New laws proposed to save newspaper industry

In the face of the shrinking revenues for print journalism, some are suggesting new laws, including ones that would restrict linking and that would create a federal law enshrining the “hot news” doctrine. -DB

MediaShift
July 21, 2009
By Jeffrey D. Neuburger

As newsroom staffs continue to shrink and newspapers go out of business at an alarming rate, the difficulty newspapers have experienced in gaining economic traction online has been blamed on blogs and websites that link to content on newspaper sites. According to some, this kind of “free riding” is responsible at least in part for the distress in which newspapers find themselves. A number of proposals have surfaced, in the U.S. and abroad, to change the law to “even the playing field” between new media and old.

OUTLAW LINKING

It is perhaps ironic that one of the proposals to change the law to benefit newspapers comes from a judge who happens to blog.
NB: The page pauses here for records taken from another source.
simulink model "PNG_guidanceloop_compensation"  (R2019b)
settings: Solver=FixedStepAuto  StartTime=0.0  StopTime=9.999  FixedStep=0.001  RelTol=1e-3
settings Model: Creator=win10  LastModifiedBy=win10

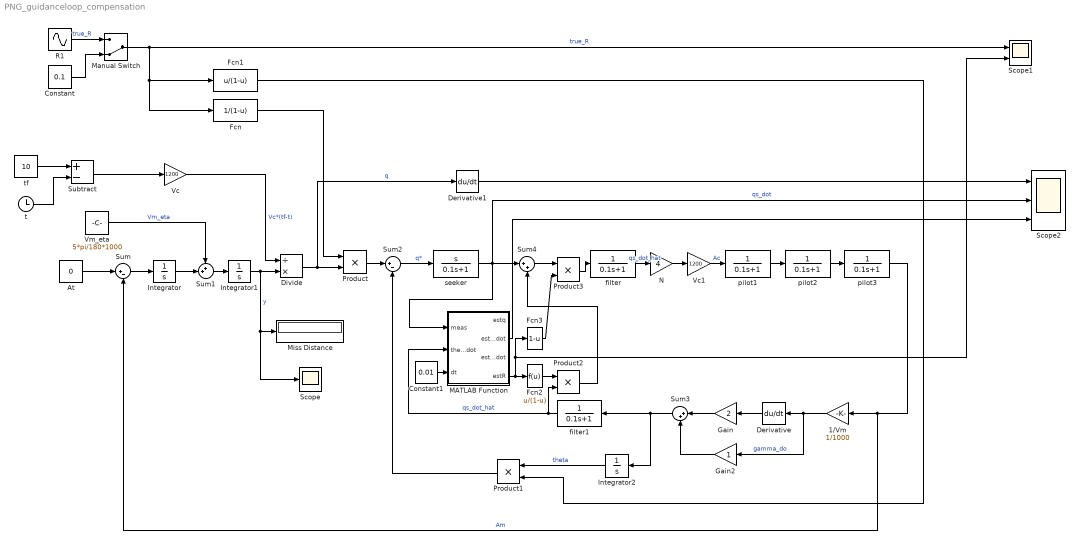
== system PNG_guidanceloop_compensation ==
  1/Vm : Gain  Gain=1/1000
  At : Constant  Value=0
  Constant : Constant  Value=0.1
  Constant1 : Constant  Value=0.01
  Derivative : Derivative
  Derivative1 : Derivative
  Divide : Product  Inputs=/*
  Fcn : Fcn  Expr=1/(1-u)
  Fcn1 : Fcn  Expr=u/(1-u)
  Fcn2 : Fcn  Expr=u/(1-u)
  Fcn3 : Fcn  Expr=1-u
  Gain : Gain  Gain=2
  Gain2 : Gain
  Integrator : Integrator  InitialCondition=120
  Integrator1 : Integrator  InitialCondition=209
  Integrator2 : Integrator  InitialCondition=1*pi/180
  MATLAB Function : MATLAB Function  TreatAsAtomicUnit=on
  Manual Switch : ManualSwitch  CurrentSetting=0
  Miss Distance : Display
  N : Gain  Gain=4
  Product{,1..3} (4 alike) : Product
  R1 : Sin  Amplitude=0.06  Frequency=pi/2  SampleTime=0
  Scope : Scope
  Scope1 : Scope  NumInputPorts=2
  Scope2 : Scope  NumInputPorts=3
  Subtract : Sum  Inputs=+-
  Sum : Sum  Inputs=|+-
  Sum1 : Sum  Inputs=++|
  Sum2 : Sum  Inputs=|+-
  Sum3 : Sum  Inputs=|++
  Sum4 : Sum  Inputs=|++
  Vc : Gain  Gain=1200
  Vc1 : Gain  Gain=1200
  Vm_eta : Constant  Value=5*pi/180*1000
  filter : TransferFcn  Denominator=[0.1 1]
  filter1 : TransferFcn  Denominator=[0.1 1]
  pilot1 : TransferFcn  Denominator=[0.1 1]
  pilot2 : TransferFcn  Denominator=[0.1 1]
  pilot3 : TransferFcn  Denominator=[0.1 1]
  seeker : TransferFcn  Numerator=[1 0]  Denominator=[0.1 1]
  t : Clock
  tf : Constant  Value=10
  wires:
  tf/1 -> Subtract/1
  At/1 -> Sum/1
  Integrator/1 -> Sum1/2
  Sum1/1 -> Integrator1/1
  t/1 -> Subtract/2
  Vm_eta/1 -> Sum1/1  "Vm_eta"
  Subtract/1 -> Vc/1
  Vc/1 -> Divide/1  "Vc*(tf-t)"
  Integrator1/1 -> Miss Distance/1, Scope/1, Divide/2  "y"
  Sum/1 -> Integrator/1
  pilot2/1 -> pilot3/1
  filter/1 -> N/1  "qs_dot_hat"
  Constant/1 -> Manual Switch/2
  Manual Switch/1 -> Scope1/1, Fcn1/1, Fcn/1  "true_R"
  Product/1 -> Sum2/1
  Product1/1 -> Sum2/2
  Sum2/1 -> seeker/1  "q*"
  Vc1/1 -> pilot1/1  "Ac"
  N/1 -> Vc1/1
  R1/1 -> Manual Switch/1  "true_R"
  seeker/1 -> Scope2/2, Sum4/1, MATLAB Function/1(meas)  "qs_dot"
  pilot1/1 -> pilot2/1
  pilot3/1 -> Sum/2, 1/Vm/1  "Am"
  Fcn/1 -> Product/1
  Divide/1 -> Derivative1/1, Product/2  "q"
  Gain/1 -> Sum3/1
  Derivative/1 -> Gain/1
  1/Vm/1 -> Gain2/1, Derivative/1  "gamma_do"
  Gain2/1 -> Sum3/2
  Sum3/1 -> Integrator2/1, filter1/1
  Integrator2/1 -> Product1/1  "theta"
  Fcn1/1 -> Product1/2
  filter1/1 -> Product2/2, MATLAB Function/2(thetaTM_dot)  "qs_dot_hat"
  Constant1/1 -> MATLAB Function/3(dt)
  Fcn2/1 -> Product2/1
  Product2/1 -> Sum4/2
  Sum4/1 -> Product3/1
  Product3/1 -> filter/1
  Fcn3/1 -> Product3/2
  MATLAB Function/4(estR) -> Fcn3/1, Scope1/2, Fcn2/1
  MATLAB Function/2(estq_dot) -> Scope2/3
  Derivative1/1 -> Scope2/1

== matlab function PNG_guidanceloop_compensation/MATLAB Function ==
  settings: updateMethod=DISCRETE  sampleTime=0.01
  data: meas input; estq output; thetaTM_dot input; dt input; estq_dot output; estqst_dot output; estR output
function [estq,estq_dot,estqst_dot,estR] = ExtKalman_Simulink(meas,thetaTM_dot,dt)
% This Embedded MATLAB Function implements an extended Kalman filter used
% for target tracking.
%
% The continuous-time process model is given by
% dx/dt = A*x + B*w

% where, x = [q q_dot qst_dot rou]', q,q_dot is true LOS angle and LOS rate 
% qst_dot is true output of LOS rate from seeker, rou is the radome error
% slope. w = [0 w2 0  w4]'

% Discretize the LTI system model.
%x_k+1 = D*x_k + E*w_k

% and the measurements are given by
% y = qst_dot/(1-rou) - rou/(1-rou)*thetaTM_dot

% Define storage for the variables that need to persist
% between time periods.
Td = 0.1;

persistent P xhat Q R
if isempty(P)
% First time through the code so do some initialization
%  xhat = [0;0;0;0];
%  P = diag([100 100 100 10]);
%  Q = diag([0 1e-5/dt 0 1e-3/dt]);
%  R = diag([0.04*pi*pi/180/180]);
 
  xhat = [0.02;0;0.2;0];
 P = diag([10 10 10 1]);
 Q = diag([0 1e-5 0 1e-3]);
 R = diag([0.04*pi*pi/180/180]);
end


% Calculate the Jacobians for the state equations
% Dynamic state transition matrix in continous-time domain.
A = [0 1 0 0;
     0 0 0 0;
     0 1/Td -1/Td 0;
     0 0 0 0];
  
% noise matrix in continous-time domain.
B = eye(4);
 
% system matrix in discrete-time domain.
% D = expm(A*dt); 
% E = B*dt;

D = [1 dt 0 0;
     0 1 0 0;
     0 dt/Td 1-dt/Td 0;
     0 0 0 1];
E = [dt 0 0 0;
      0 dt 0 0;
      0 0 dt 0;
      0 0 0 dt];
  
    
% % Calculate the Jacobians for the measurement equations
%    q = xhat(1);
%    q_dot = xhat(2);
%    qst_dot = xhat(3);  
%    rou = xhat(4);
%    
% yhat = qst_dot/(1-rou) - rou/(1-rou)*thetaTM_dot;
% 
% H = [0 0 1/(1-rou) (qst_dot-thetaTM_dot)/(1-rou)^2];
%   
% Propogate the state and covariance matrices
xhat = D*xhat;
% xhat = xhat + A*xhat*dt;
P = D*P*D' + E*Q*E';
  
% Calculate the Jacobians for the measurement equations
   q = xhat(1);
   q_dot = xhat(2);
   qst_dot = xhat(3);  
   rou = xhat(4);
   
yhat = qst_dot/(1-rou) - rou/(1-rou)*thetaTM_dot;

H = [0 0 1/(1-rou) (qst_dot-thetaTM_dot)/(1-rou)^2];
    
% Calculate the Kalman gain
K = P*H'/(H*P*H' + R);
% Calculate the measurement residual
resid = meas - yhat;
% Update the state and covariance estimates
xhat = xhat + K*resid;
P = (eye(size(K,1))-K*H)*P;
% Post the results
   estq = xhat(1);
   estq_dot = xhat(2);
   estqst_dot = xhat(3);  
   estR= xhat(4);


% rangeHat = sqrt(xhat(1)^2+xhat(3)^2);
% bearingHat = atan2(xhat(3),xhat(1));
% yu = [thetaM;psiM];
% yhat = MeasurementModel(xhat);
% H = [cos(bearingHat) 0 sin(bearingHat) 0;
%  -sin(bearingHat)/rangeHat 0 cos(bearingHat)/rangeHat 0];
% % Propogate the state and covariance matrices
% xhat = F*xhat;
% P = F*P*F' + Q;
% % Calculate the Kalman gain
% K = P*H'/(H*P*H' + R);
% % Calculate the measurement residual
% resid = meas - yhat;
% % Update the state and covariance estimates
% xhat = xhat + K*resid;
% P = (eye(size(K,1))-K*H)*P;
% % Post the results
% xhatOut = xhat;
% y = u;

Judge Richard Posner of the U.S. Court of Appeals for the Seventh Circuit is also a professor at the University of Chicago Law School and a brilliant and prolific scholar. When Judge Posner speaks, people listen. And recently, when Judge Posner spoke, or rather, blogged, on the subject of the future of newspapers and what should be done about it, people not only listened, they talked back—loudly.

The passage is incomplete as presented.